BEGIN Data supplied

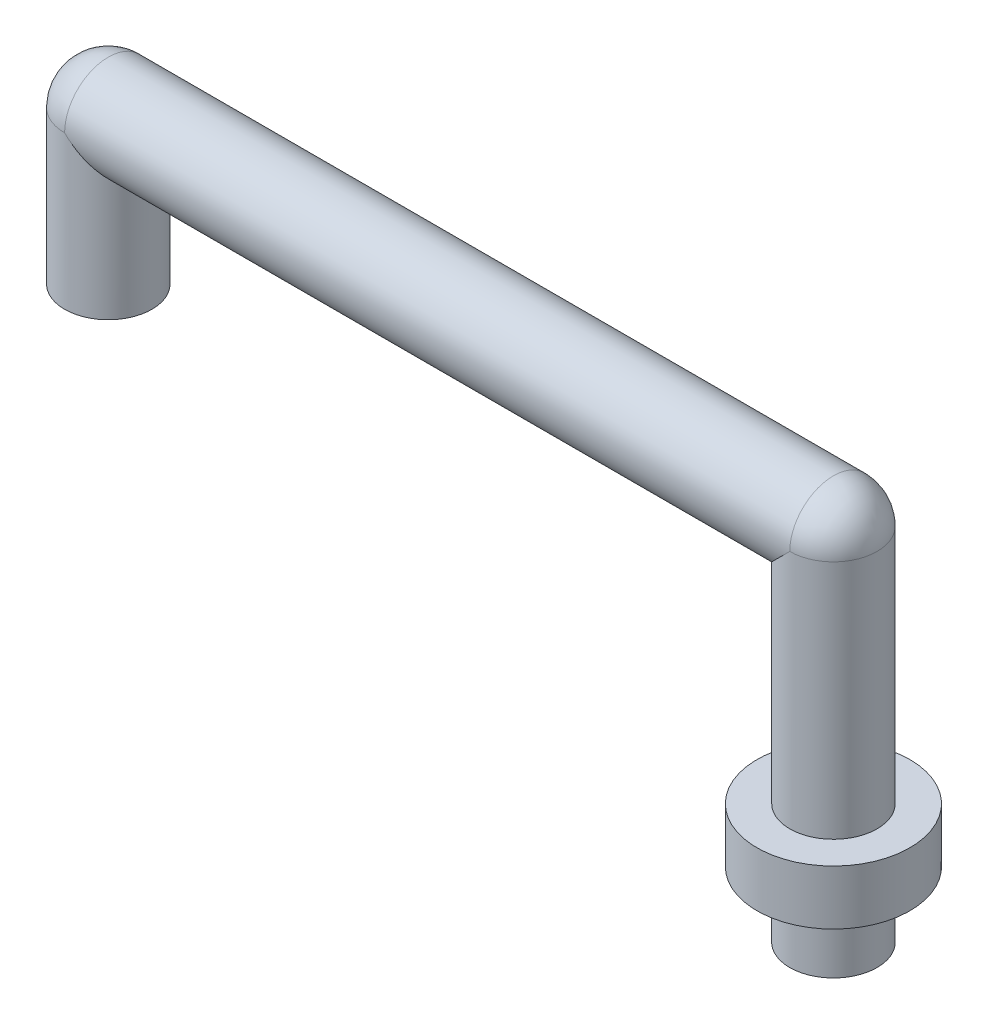
SolidWorks part; units mm, degrees
ref_plane "Front Plane" through (0, 0, 0) normal (0, 0, 1) x (1, 0, 0)
ref_plane "Top Plane" through (0, 0, 0) normal (0, 1, 0) x (1, 0, 0)
ref_plane "Right Plane" through (0, 0, 0) normal (1, 0, 0) x (0, 0, -1)
sketch "Sketch2" plane through (0, 0, 0) normal (0, 1, 0) x (-1, 0, 0)
  circle A0 centre (0, 0) radius 5.08
  dimension "D1" = 10.16
extrude "Boss-Extrude2" add sketch "Sketch2" along normal blind 41.91
sketch "Sketch3" plane through (0, 0, 0) normal (0, 0, 1) x (1, 0, 0)
  line L1 (0, 0) -> (0, 7.62) construction
  line L4 (0, 7.62) -> (0, 13.97)
  line L7 (0, 7.62) -> (-8.89, 7.62)
  line L8 (-8.89, 7.62) -> (-8.89, 13.97)
  line L9 (-8.89, 13.97) -> (0, 13.97)
  dimension "D1" = 6.35
  dimension "D2" = 8.89
  dimension "D3" = 7.62
revolve "Revolve1" add sketch "Sketch3" angle 360 about L1
sketch "Sketch4" plane through (0, 41.91, 0) normal (0, 1, 0) x (1, 0, 0)
  line L0 (0, 5.08) -> (0, -5.08) construction
  line L1 (-5.08, 0) -> (5.08, 0) construction
  line L2 (0, 5.08) -> (-84.328, 5.08)
  line L3 (-84.328, 5.08) -> (-84.328, 0)
  line L4 (-84.328, 0) -> (5.08, 0)
  arc A2 (5.08, 0) -> (0, 5.08) centre (0, 0) ccw
  dimension "D1" = 10.16
  dimension "D2" = 84.328
revolve "Revolve2" add sketch "Sketch4" angle 360 about L4
sketch "Sketch5" plane through (-84.328, 0, 0) normal (-1, 0, 0) x (0, 0, 1)
  line L0 (0, 46.99) -> (0, 24.13)
  line L1 (-5.08, 41.91) -> (5.08, 41.91) construction
  line L2 (-5.08, 41.91) -> (-5.08, 24.13)
  line L3 (-5.08, 24.13) -> (0, 24.13)
  arc A0 (0, 46.99) -> (-5.08, 41.91) centre (0, 41.91) ccw
  circle A1 centre (0, 41.91) radius 5.08 construction
  dimension "D1" = 22.86
revolve "Revolve3" add sketch "Sketch5" angle 360 about L0
sketch "Sketch6" plane through (0, 24.13, 0) normal (0, -1, 0) x (1, 0, 0)
  circle A0 centre (-84.328, 0) radius 2.54
  dimension "D1" = 5.08
extrude "Cut-Extrude1" cut sketch "Sketch6" against normal blind 17.78 contours A0
sketch "Sketch7" plane through (0, 0, 0) normal (0, -1, 0) x (1, 0, 0)
  circle A0 centre (0, 0) radius 2.54
  dimension "D1" = 5.08
extrude "Cut-Extrude2" cut sketch "Sketch7" against normal blind 19.05
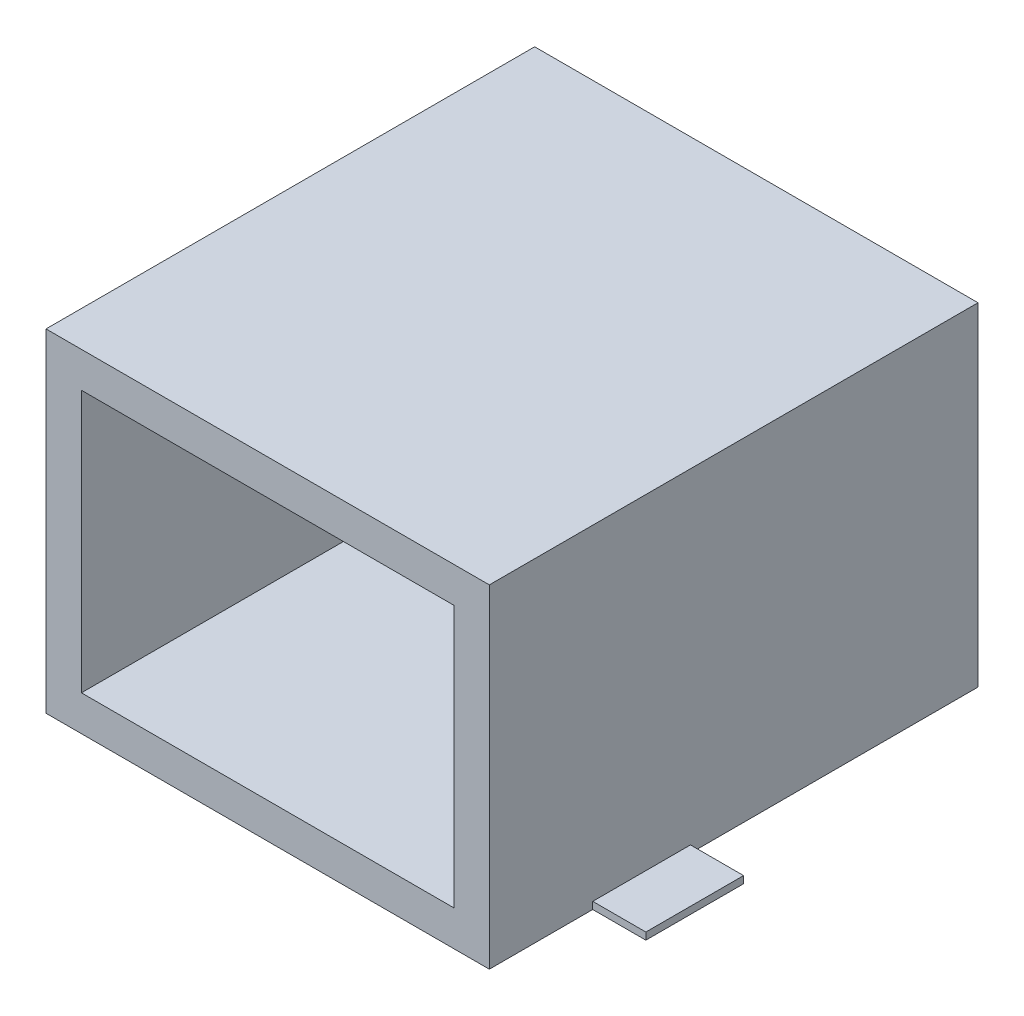
SolidWorks part; units mm, degrees
material "6061-T6 (SS)"
ref_plane "Front Plane" through (0, 0, 0) normal (0, 0, 1) x (1, 0, 0)
ref_plane "Top Plane" through (0, 0, 0) normal (0, 1, 0) x (1, 0, 0)
ref_plane "Right Plane" through (0, 0, 0) normal (1, 0, 0) x (0, 0, -1)
sketch "Sketch1" plane through (0, 0, 0) normal (0, 0, 1) x (1, 0, 0)
  line L1 (-7.9502, -5.969) -> (7.9502, -5.969)
  line L2 (-7.9502, -5.969) -> (-7.9502, 5.969)
  line L3 (-7.9502, 5.969) -> (7.9502, 5.969)
  line L4 (7.9502, -5.969) -> (7.9502, 5.969)
  line L5 (-7.9502, -5.969) -> (7.9502, 5.969) construction
  line L6 (-7.9502, 5.969) -> (7.9502, -5.969) construction
  point P0 (0, 0)
  dimension "D1" = 15.9004
  dimension "D2" = 11.938
extrude "Boss-Extrude1" add sketch "Sketch1" against normal blind 17.526
shell "Shell1" thickness 1.27
sketch "Sketch2" plane through (0, -5.969, 0) normal (0, -1, 0) x (1, 0, 0)
  line L0 (-7.9502, -17.526) -> (-7.9502, 0) construction
  line L1 (-7.9502, -3.7084) -> (-9.8552, -3.7084)
  line L2 (-7.9502, -3.7084) -> (-7.9502, -7.2136)
  line L3 (-7.9502, -7.2136) -> (-9.8552, -7.2136)
  line L4 (-9.8552, -3.7084) -> (-9.8552, -7.2136)
  line L5 (-7.9502, -5.461) -> (-12.1293, -5.461) construction
  line L6 (-7.9502, -17.526) -> (7.9502, -17.526) construction
  dimension "D1" = 12.065
  dimension "D2" = 3.5052
  dimension "D3" = 1.905
extrude "Boss-Extrude2" add sketch "Sketch2" against normal blind 0.254
mirror "Mirror1" about plane through (0, 0, 0) normal (1, 0, 0) of "Boss-Extrude2"
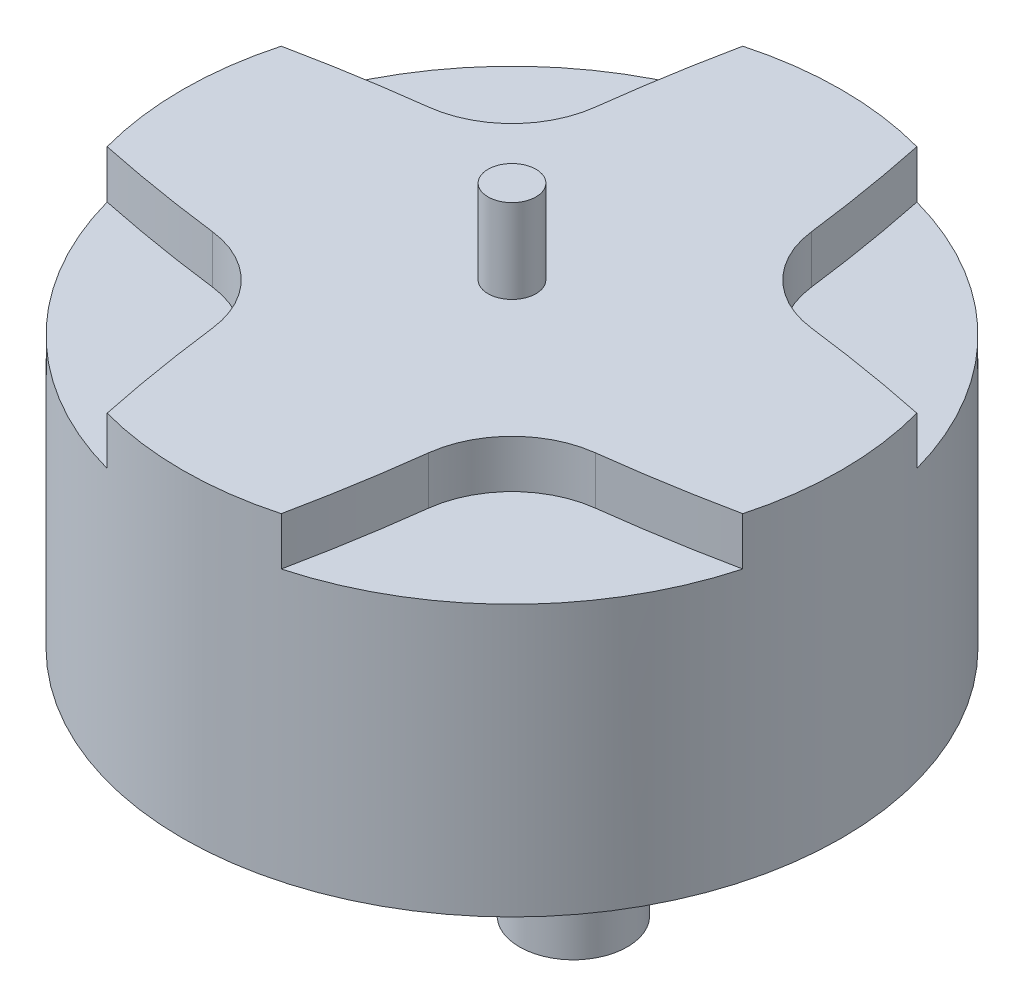
SolidWorks part; units mm, degrees
ref_plane "前视基准面" through (0, 0, 0) normal (0, 0, 1) x (1, 0, 0)
ref_plane "上视基准面" through (0, 0, 0) normal (0, 1, 0) x (1, 0, 0)
ref_plane "右视基准面" through (0, 0, 0) normal (1, 0, 0) x (0, 0, -1)
sketch "草图1" plane through (0, 0, 0) normal (0, 1, 0) x (1, 0, 0)
  line L0 (0, 7) -> (-6.0622, -3.5) construction
  line L7 (-6.0622, -3.5) -> (6.0622, -3.5) construction
  line L8 (6.0622, -3.5) -> (0, 7) construction
  line L9 (-1.9486, 5.875) -> (-6.0622, -1.25)
  line L10 (-4.1136, -4.625) -> (4.1136, -4.625)
  line L11 (6.0622, -1.25) -> (1.9486, 5.875)
  line L12 (-6.0622, -1.25) -> (-8.0107, -4.625) construction
  line L13 (0, 9.25) -> (-8.0107, -4.625) construction
  line L14 (-8.0107, -4.625) -> (-4.1136, -4.625) construction
  line L15 (-8.0107, -4.625) -> (8.0107, -4.625) construction
  line L16 (4.1136, -4.625) -> (8.0107, -4.625) construction
  line L17 (8.0107, -4.625) -> (6.0622, -1.25) construction
  line L18 (8.0107, -4.625) -> (0, 9.25) construction
  line L19 (0, 9.25) -> (-1.9486, 5.875) construction
  line L20 (1.9486, 5.875) -> (0, 9.25) construction
  arc A0 (1.9486, 5.875) -> (-1.9486, 5.875) centre (0, 7) ccw
  arc A1 (4.1136, -4.625) -> (6.0622, -1.25) centre (6.0622, -3.5) ccw
  arc A2 (-6.0622, -1.25) -> (-4.1136, -4.625) centre (-6.0622, -3.5) ccw
  arc A3 (-1.9486, 5.875) -> (-1.125, 5.0514) centre (0, 7) ccw construction
  arc A4 (-1.125, 5.0514) -> (1.125, 5.0514) centre (0, 7) ccw construction
  arc A5 (4.9372, -1.5514) -> (3.8122, -3.5) centre (6.0622, -3.5) ccw construction
  arc A6 (-3.8122, -3.5) -> (-4.9372, -1.5514) centre (-6.0622, -3.5) ccw construction
  arc A7 (-4.9372, -1.5514) -> (-6.0622, -1.25) centre (-6.0622, -3.5) ccw construction
  arc A8 (-4.1136, -4.625) -> (-3.8122, -3.5) centre (-6.0622, -3.5) ccw construction
  arc A9 (3.8122, -3.5) -> (4.1136, -4.625) centre (6.0622, -3.5) ccw construction
  arc A10 (6.0622, -1.25) -> (4.9372, -1.5514) centre (6.0622, -3.5) ccw construction
  arc A11 (1.125, 5.0514) -> (1.9486, 5.875) centre (0, 7) ccw construction
  circle A12 centre (0, 7) radius 1.25
  circle A13 centre (-6.0622, -3.5) radius 1.25
  circle A14 centre (6.0622, -3.5) radius 1.25
  dimension "D3" = 4.5
  dimension "D4" = 2.5
  dimension "D1" = 7
  dimension "D2" = 7
extrude "凸台-拉伸1" add sketch "草图1" along normal blind 2.5
fillet "圆角1" radius 2 6 edges at (1.9486, 1.25, -5.875) (6.0622, 1.25, 1.25) (4.1136, 1.25, 4.625) (-4.1136, 1.25, 4.625) (-6.0622, 1.25, 1.25) (-1.9486, 1.25, -5.875)
sketch "草图2" plane through (0, 2.5, 0) normal (0, 1, 0) x (1, 0, 0)
  circle A0 centre (0, 0) radius 4.625
extrude "凸台-拉伸2" add sketch "草图2" along normal blind 13.7
sketch "草图3" plane through (0, 16.2, 0) normal (0, 1, 0) x (1, 0, 0)
  circle A0 centre (0, 0) radius 1
  dimension "D1" = 2
extrude "凸台-拉伸3" add sketch "草图3" along normal blind 5.5
sketch "草图4" plane through (0, 16.2, 0) normal (0, 1, 0) x (1, 0, 0)
  arc A0 (-3.6328, -13.2614) -> (3.6328, -13.2614) centre (0, 0) ccw
  arc A1 (-13.2614, 3.6328) -> (-4.821, 4.821) centre (0, -60) cw
  arc A2 (-3.6328, 13.2614) -> (-4.821, 4.821) centre (60, 0) ccw
  arc A3 (-13.2614, -3.6328) -> (-4.821, -4.821) centre (0, 60) ccw
  arc A4 (3.6328, 13.2614) -> (4.821, 4.821) centre (-60, 0) cw
  circle A5 centre (0, 0) radius 1 construction
  arc A6 (-13.2614, -3.6328) -> (-3.6328, -13.2614) centre (0, 0) ccw construction
  arc A7 (-3.6328, 13.2614) -> (-13.2614, 3.6328) centre (0, 0) ccw construction
  arc A8 (-13.2614, 3.6328) -> (-13.2614, -3.6328) centre (0, 0) ccw
  arc A9 (13.2614, 3.6328) -> (3.6328, 13.2614) centre (0, 0) ccw construction
  arc A10 (3.6328, 13.2614) -> (-3.6328, 13.2614) centre (0, 0) ccw
  arc A11 (3.6328, -13.2614) -> (13.2614, -3.6328) centre (0, 0) ccw construction
  arc A12 (13.2614, -3.6328) -> (13.2614, 3.6328) centre (0, 0) ccw
  arc A13 (-4.821, -4.821) -> (4.821, -4.821) centre (0, 60) ccw construction
  arc A14 (4.821, -4.821) -> (13.2614, -3.6328) centre (0, 60) ccw
  arc A15 (4.821, 4.821) -> (4.821, -4.821) centre (-60, 0) cw construction
  arc A16 (4.821, -4.821) -> (3.6328, -13.2614) centre (-60, 0) cw
  arc A17 (-4.821, 4.821) -> (4.821, 4.821) centre (0, -60) cw construction
  arc A18 (4.821, 4.821) -> (13.2614, 3.6328) centre (0, -60) cw
  arc A19 (-4.821, 4.821) -> (-4.821, -4.821) centre (60, 0) ccw construction
  arc A20 (-4.821, -4.821) -> (-3.6328, -13.2614) centre (60, 0) ccw
  point P17 (-49.9837, 1.2762)
  point P18 (0, 0)
  point P19 (0, 0)
  point P20 (0, 0)
  dimension "D1" = 27.5
  dimension "D6" = 65
  dimension "D7" = 65
  dimension "D8" = 65
  dimension "D9" = 65
  dimension "D2" = 60
  dimension "D3" = 60
  dimension "D4" = 60
  dimension "D5" = 60
extrude "凸台-拉伸4" add sketch "草图4" along normal blind 2
sketch "草图5" plane through (0, 16.2, 0) normal (0, -1, 0) x (1, 0, 0)
  circle A0 centre (0, 0) radius 13.75
extrude "凸台-拉伸5" add sketch "草图5" along normal blind 11.3
fillet "圆角2" radius 4 4 edges at (4.821, 17.2, -4.821) (4.821, 17.2, 4.821) (-4.821, 17.2, 4.821) (-4.821, 17.2, -4.821)

END Data supplied

Task prompt → Copy every line of the listing that contains the word "point".

Finished exercise →
  point P0 (0, 0)
  point P17 (-49.9837, 1.2762)
  point P18 (0, 0)
  point P19 (0, 0)
  point P20 (0, 0)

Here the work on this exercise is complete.